Ok, I prepared spreadsheets for each of the volumes and seeded it with the first entry (sometimes more). I included a "pages in pdf" column which will make it easier for us to automate the extraction of pdfs for the indvidual papers from the book pdf. The files are currently read-only.

https://drive.google.com/drive/folders/1CLaPIbdRVrfXx7l285ieuPBbWvDXenUE?usp=sharing

davidweichiang commented 4 years ago

Let's use BibTeX conventions: separate three or more authors with "and", use curly braces to protect title letters that should not be lowercased.

Let's try to true-case any words written in all caps.

kilian-gebhardt commented 4 years ago

@davidweichiang What about two authors? Aren't they separated also with "and"? Concerning true-casing and curly braces for protection, I hope I updated the files appropriately. I'm not completely sure about the standard we use (or where it is documented) – but we surely should explain this to the volunteers.

I publically hosted the _OCR_Optimized versions of the scans at: https://wwwtcs.inf.tu-dresden.de/~kilian/assets/IWPT/iwpt_{1991,1993,1995,1997,2000}.pdf.

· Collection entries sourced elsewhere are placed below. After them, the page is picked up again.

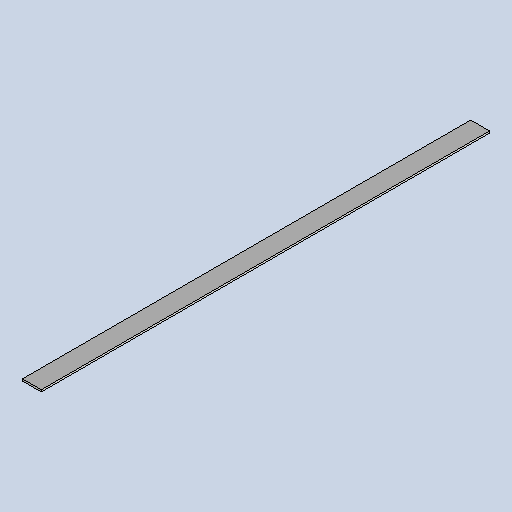
# Autodesk Inventor part: PNS waste water bin 08
Saved by Autodesk Inventor 2025.3 (Build 293356030, 356C)
## iProperties
Created: 2025-09-03
Part Number: PNS waste water bin 08
Material: Generic
Document SubType Name: Sheet Metal
Designer: admin
Density: 1 g/cm^3
Sheet Metal Rule: Default
Appearance: Default
Flat Pattern Width: 2 cm
Flat Pattern Length: 47.5 cm
Flat Pattern Area: 95 cm^2
Sheet Metal Width: 20,000 mm
Sheet Metal Length: 475,000 mm
Sheet Metal Area: 9500,000 mm^2
Mass: 19 g
Surface Area: 209.8 cm^2
Volume: 19 cm^3
Author: admin
Autodesk Inventor part; units mm, degrees
ref_plane "YZ Plane" through (0, 0, 0) normal (1, 0, 0) x (0, 1, 0)
ref_plane "XZ Plane" through (0, 0, 0) normal (0, 1, 0) x (-1, 0, 0)
ref_plane "XY Plane" through (0, 0, 0) normal (0, 0, 1) x (1, 0, 0)
sketch "Sketch1" plane through (0, 0, 0) normal (0, 0, 1) x (1, 0, 0)
  line L0 (10, 237.5) -> (-10, -237.5) construction
  line L1 (-10, -237.5) -> (10, -237.5)
  line L2 (10, -237.5) -> (10, 237.5)
  line L3 (10, 237.5) -> (-10, 237.5)
  line L4 (-10, 237.5) -> (-10, -237.5)
  line L5 (-10, -237.5) -> (10, 237.5) construction
  line L6 (10, -237.5) -> (-10, 237.5) construction
  point P0 (0, 0)
  point P1 (-180, -237.5)
  point P2 (-10, -192.5)
  dimension "d2" = 20
  dimension "d18" = 475
  measures "d2" distance of L3.end L2.end
  measures "d18" distance of L1.end L2.end
extrude "Plate1" add sketch "Sketch1" along normal blind 2
equation "\"d3\" = Thickness"
equation "\"BendRadius\" = Thickness"
equation "\"BendReliefWidth\" = Thickness"
equation "\"BendReliefDepth\" = 0.5 * Thickness"
equation "\"CornerReliefSize\" = 4 * Thickness"
equation "\"MinimumRemnant\" = 2 * Thickness"
equation "\"TransitionRadius\" = BendRadius"
equation "\"JacobiRadiusSize\" = BendRadius"
equation "\"GapSize\" = Thickness"
equation "\"Thickness\" = 2"
body "Solid1"

davidweichiang commented 4 years ago

Yes, two authors too. For titles, we just protect the letters which begin proper names etc., and must never be lowercased. For example, A Principle-Based Parser for Foreign Language Training in {G}erman and {A}rabic.

kilian-gebhardt commented 4 years ago

Ok. I propose that I remove the write protection from the spreadsheets. Then everyone can contribute to the tables and also contributions of just 5 or 10 articles are possible. Live editing should prevent double assignment without the need to moderate explicitly. I hope that this makes it easier to find volunteers.

Occasionally I will add write protection to lines that are finished. Google docs has version history, so we do not need to fear accidental deletions or that someone is tampering.

mjpost commented 4 years ago

Sounds great. Some thoughts:

I would suggest asking for a single volunteer per year to simplify things. It really should only take about a half hour to go through them.

kilian-gebhardt commented 4 years ago

I agree to suggestions 1 and 2.

maybe separate out the page numbers into start and end, else you may get people using assortments of dash, ndash, and dash-dash (though we could probably handle this)

My thought was that we can handle this. But I can change it.

are there ever separate volumes in IWPT (for example, for student papers, or non-peer-reviewed papers, etc?) we might want to add a "volume" field to handle that, if so

1997 and 2000 have separate sections in the proceedings for invited talks, papers, and posters. But it's just one proceedings volume.

I would suggest asking for a single volunteer per year to simplify things. It really should only take about a half hour to go through them.

I think that it will take considerably longer: There are between 27 and 45 entries in each volume. At least authors will require manual processing (latex style first/last name separation, adding of 'and'). There might be the need to true-case. At times OCR is not that good, i.e., there is superfluous whitespace also inbetween letters of the same word or before punctuation. In particular checking the abstracts takes some time. On average I would calculate 5 minutes per paper.

davidweichiang commented 4 years ago

I think it'll be somewhere between @mjpost and @kilian-gebhardt's estimates.

That means the remaining changes will most consist of inserting or deleting spacing/punctuation, with minimal retyping of words.

davidweichiang commented 4 years ago

Sign up:

danielgildea commented 4 years ago

I just did 1997.

davidweichiang commented 4 years ago

Some notes:

kilian-gebhardt commented 4 years ago

I did 1993. It has an appendix with one paper which reuses page numbers from 1 to 17. How shall we deal with this?

mjpost commented 4 years ago

Great. In the TOC, the page number is given as 349, and then it starts on p. 351. Let's use that.

kilian-gebhardt commented 4 years ago

I wrote to the SIGPARSE mailing list and asked for volunteers for the remaining two volumes.

@davidweichiang I started working a script that processes the spreadsheets. Can you point me to existing code in the project that handles the processing of LaTeX and true-casing?